Focusing on the electric generation sector, Europe consumed around 85 BCM of natural gas to produce electricity in 2021. According to data from Bruegel, 10% of European gas-fired power plants can switch to burning oil1. Therefore, gas demand could be reduced by 8.5 BCM. Additional fuel switching can occur in the power sector with the potential of 9.5 BCM of gas-to-coal switching. This is all contingent on loosening emission standards for the balance of the year. Increasing solar PV via installation of new plants may help displace an additional 3 BCM of gas. In addition, delaying the scheduled closure of a German power plant could replace an additional 11 BCM.
In the industrial sector, curtailments in gas dependent industries like steel and aluminum are likely. Using data from our PLEXOS Europe fundamental model, an estimated 6 BCM of gas could be sidelined. Outside of market-based curtailments, energy conservation efforts can be encouraged in the residential and commercial sectors. We estimate a conservative 1-2%, or 2 BCM, of household and services demand could be saved. The total impact of demand-side adjustments range between 36 BCM for the Partial Reduction scenario to 73 BCM in the Complete Cut Off scenario. For Partial Reduction, we assumed about 50% of the maximum (73 BCM) reduction would be achieved. The impact of these conservation measures is shown by the following chart:
Source: Energy Exemplar Analysis
As seen in the chart above, the consequences of a Complete Cut Off would be severe. Despite all measures to conserve gas and procuring any available supply via pipes or LNG, Europe would be left with a shortfall of about 103 BCM. A 20% shortfall in supply will have a devastating impact on gas prices throughout the year with voluntary and/or mandated curtailments to gas use across various sectors.
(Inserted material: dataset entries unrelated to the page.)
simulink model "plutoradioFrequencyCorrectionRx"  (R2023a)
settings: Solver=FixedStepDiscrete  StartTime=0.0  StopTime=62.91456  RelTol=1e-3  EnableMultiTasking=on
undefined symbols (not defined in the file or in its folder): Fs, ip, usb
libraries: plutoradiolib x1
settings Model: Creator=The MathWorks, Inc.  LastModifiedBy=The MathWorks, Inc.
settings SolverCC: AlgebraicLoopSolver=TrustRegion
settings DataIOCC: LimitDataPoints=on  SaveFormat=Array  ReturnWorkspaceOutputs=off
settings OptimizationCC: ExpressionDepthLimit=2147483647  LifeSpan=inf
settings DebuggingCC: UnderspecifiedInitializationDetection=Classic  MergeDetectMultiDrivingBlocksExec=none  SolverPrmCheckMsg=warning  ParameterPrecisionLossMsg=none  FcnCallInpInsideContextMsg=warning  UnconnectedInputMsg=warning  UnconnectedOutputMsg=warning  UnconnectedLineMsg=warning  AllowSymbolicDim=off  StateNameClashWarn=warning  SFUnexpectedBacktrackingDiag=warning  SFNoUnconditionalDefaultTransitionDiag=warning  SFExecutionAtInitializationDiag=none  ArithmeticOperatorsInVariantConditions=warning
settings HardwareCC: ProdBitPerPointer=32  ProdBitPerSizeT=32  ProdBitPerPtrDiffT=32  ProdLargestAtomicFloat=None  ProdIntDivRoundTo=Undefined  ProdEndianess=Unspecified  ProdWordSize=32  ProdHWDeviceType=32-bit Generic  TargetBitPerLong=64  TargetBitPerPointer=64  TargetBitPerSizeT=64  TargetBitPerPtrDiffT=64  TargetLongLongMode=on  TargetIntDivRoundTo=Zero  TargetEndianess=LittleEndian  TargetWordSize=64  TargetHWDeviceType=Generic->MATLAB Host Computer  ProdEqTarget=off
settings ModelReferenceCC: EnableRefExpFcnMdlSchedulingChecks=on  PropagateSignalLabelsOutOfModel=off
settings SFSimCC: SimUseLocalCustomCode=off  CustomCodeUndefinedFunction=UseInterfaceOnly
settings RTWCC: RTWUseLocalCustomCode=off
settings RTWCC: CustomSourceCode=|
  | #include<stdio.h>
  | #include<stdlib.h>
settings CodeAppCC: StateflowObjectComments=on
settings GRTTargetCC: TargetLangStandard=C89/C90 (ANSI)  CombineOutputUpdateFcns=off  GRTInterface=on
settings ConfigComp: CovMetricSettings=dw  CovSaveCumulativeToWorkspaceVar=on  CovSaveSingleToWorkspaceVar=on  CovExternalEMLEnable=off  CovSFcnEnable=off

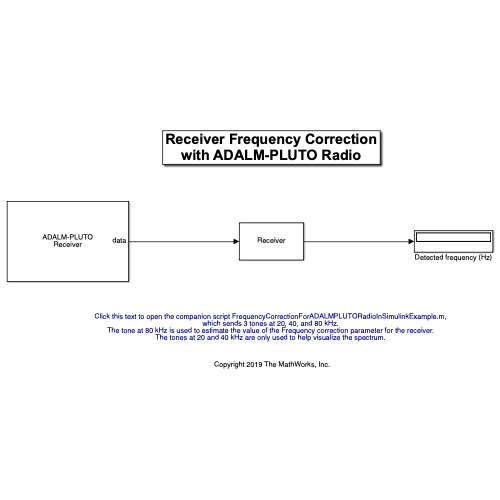
[thumbnail: Simulink's stored preview of the top-level diagram]
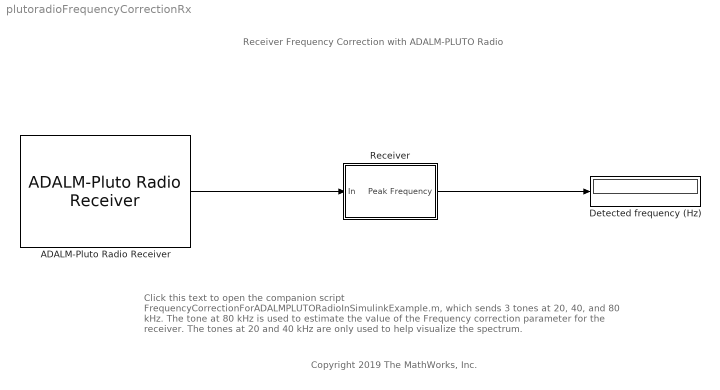
== system plutoradioFrequencyCorrectionRx ==
  note: Receiver Frequency Correction
      | with ADALM-PLUTO Radio
  note: Click this text to open the companion script FrequencyCorrectionForADALMPLUTORadioInSimulinkExample.m,
      | which sends 3 tones at 20, 40, and 80 kHz.
      | The tone at 80 kHz is used to estimate the value of the Frequency correction parameter for the receiver.
      | The tones at 20 and 40 kHz are only used to help visualize the spectrum.
  note: Copyright 2019 The MathWorks, Inc.
  ADALM-Pluto Radio Receiver : plutoradiolib/ADALM-Pluto Radio Receiver  RadioID=usb:0  uri=ip:10.0.0.200  CenterFrequencySource=Dialog  CenterFrequency=2.42e9  GainSource=AGC Fast Attack  GainSourceBlock=AGC Slow Attack  Gain=20  ChannelMapping=1  BasebandSampleRate=200e3  OutputDataType=double  SamplesPerFrame=1024*1024  OverflowOutputPort=off  EnableBurstMode=off  NumFramesInBurst=1  ShowAdvancedProperties=off  UseCustomFilter=off  filtPathRates=[737280000 11520000 3840000 1920000 960000 240000]  filtCoefficients=[-192 82 85 -215 228 -102 -110 290 -318 145 160 -426 471 -215 -238 633 -697 318 349 -923 1009 -457 -498 1309 -1423 640 693 -1812 1959 -876 -945 2458 -2647 1180 1268 -3290 3534 -1572 -1688 4375 -4698 2091 2247 -5836 6284 -2807 -3031 7918 -8588 3870 4225 -11182 12324 -5662 -6330 17255 -19735 9507 11312 -33568 43355 -25227 -42139 305542 305542 -42139 -25227 43355 -33568 11312 9507 -19735 17255 -6330 -5662 12324 -11182 4225 3870 -8588 7918 -3031 -2807 6284 -5836 2247 2091 -4698 4375 -1688 -1572 3534 -3290 1268 1180 -2647 2458 -945 -876 1959 -1812 693 640 -1423 1309 -498 -457 1009 -923 349 318 -697 633 -238 -215 471 -426 160 145 -318 290 -110 -102 228 -215 85 82 -192]  filtCoefficientSize=128  filtDecimInterpFactor=4  filtGain=-12  filtRFBandwidth=18000000  filterConfigStruct=struct()  EnableQuadratureCorrection=on  EnableRFDCCorrection=on  EnableBasebandDCCorrection=on  FrequencyCorrection=0  OverrideSampleTime=off  SampleTime=0.02  DataTimeout=Inf  ENSMPinControlMode=None  BISTLoopbackMode=Disabled  BISTToneInject=Disabled  BISTSignalGen=PRBS  BISTToneFreq=Fs/32  BISTToneLevel=0
  Detected frequency (Hz) : Display
  Receiver : Subsystem
      mask Display: disp('Receiver')
  wires:
  Receiver/1("Peak Frequency ") -> Detected frequency (Hz)/1
  ADALM-Pluto Radio Receiver/1 -> Receiver/1(In)

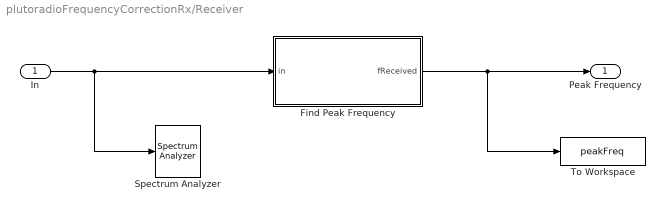
== system plutoradioFrequencyCorrectionRx/Receiver ==
  In : Inport
  Find Peak Frequency : MATLAB Function  TreatAsAtomicUnit=on
  Spectrum Analyzer : SpectrumAnalyzer  WindowPosition=[30 503 933 509]  Method=Welch  SampleRate=200000  Span=200000  StartFrequency=-100000  StopFrequency=100000  AveragingMethod=Running  YLimits=[-110.10796417087610166,29.138856518603283519]  DefaultConfigurationName=spbscopes.SpectrumAnalyzerBlockCfg  IsFrequencyInputMode=0  FrequencyVectorPort=0  FrequencyVectorFromPort=0  FrequencyInputRBWPort=0  FrequencyInputRBWFromPort=0
  To Workspace : ToWorkspace  VariableName=peakFreq  SampleTime=-1
      settings: MaxDataPoints=1
  "Peak Frequency " : Outport  VectorParamsAs1DForOutWhenUnconnected=off
  wires:
  Find Peak Frequency/1(fReceived) -> To Workspace/1, "Peak Frequency "/1
  In/1 -> Find Peak Frequency/1(in), Spectrum Analyzer/1

== matlab function plutoradioFrequencyCorrectionRx/Receiver/Find Peak Frequency ==
  data: fReceived output; in input
function fReceived  = findpeakfreq(in)
% Find the frequency of the received tone corresponding to the 80 kHz
% tone transmitted by plutoradioFrequencyCorrectionSimulinkExample.m

%#codegen

FFTSig = fftshift(abs(fft(in)));
FFTSize = length(FFTSig);

% plutoradioFrequencyCorrectionSimulinkExample.m sends 3 tones
% at 20, 40, and 80 kHz

[~, idx] = findpeaks(FFTSig,'MinPeakProminence',max(0.5*FFTSig));
fReceived = (max(idx)-FFTSize/2-1)/FFTSize*200e3;

While an estimate of these impacts is beyond the scope of this analysis, it is imperative to stress the dire condition and potentially very high gas prices throughout this year and the next with larger consequences for the economy as a whole.
The Partial Reduction scenario on the other hand is nowhere near as severe. This view is based on an assumption that at least one-half of the remedial measures identified for the first scenario can be achieved to bring a balance between supply and demand. Assuming that just the Ukrainian supplies would be cut off, this scenario calls for some hard conservation measures in eastern Europe with moderate reduction in Western Europe to balance out the loss of Russian supplies that transit Ukraine.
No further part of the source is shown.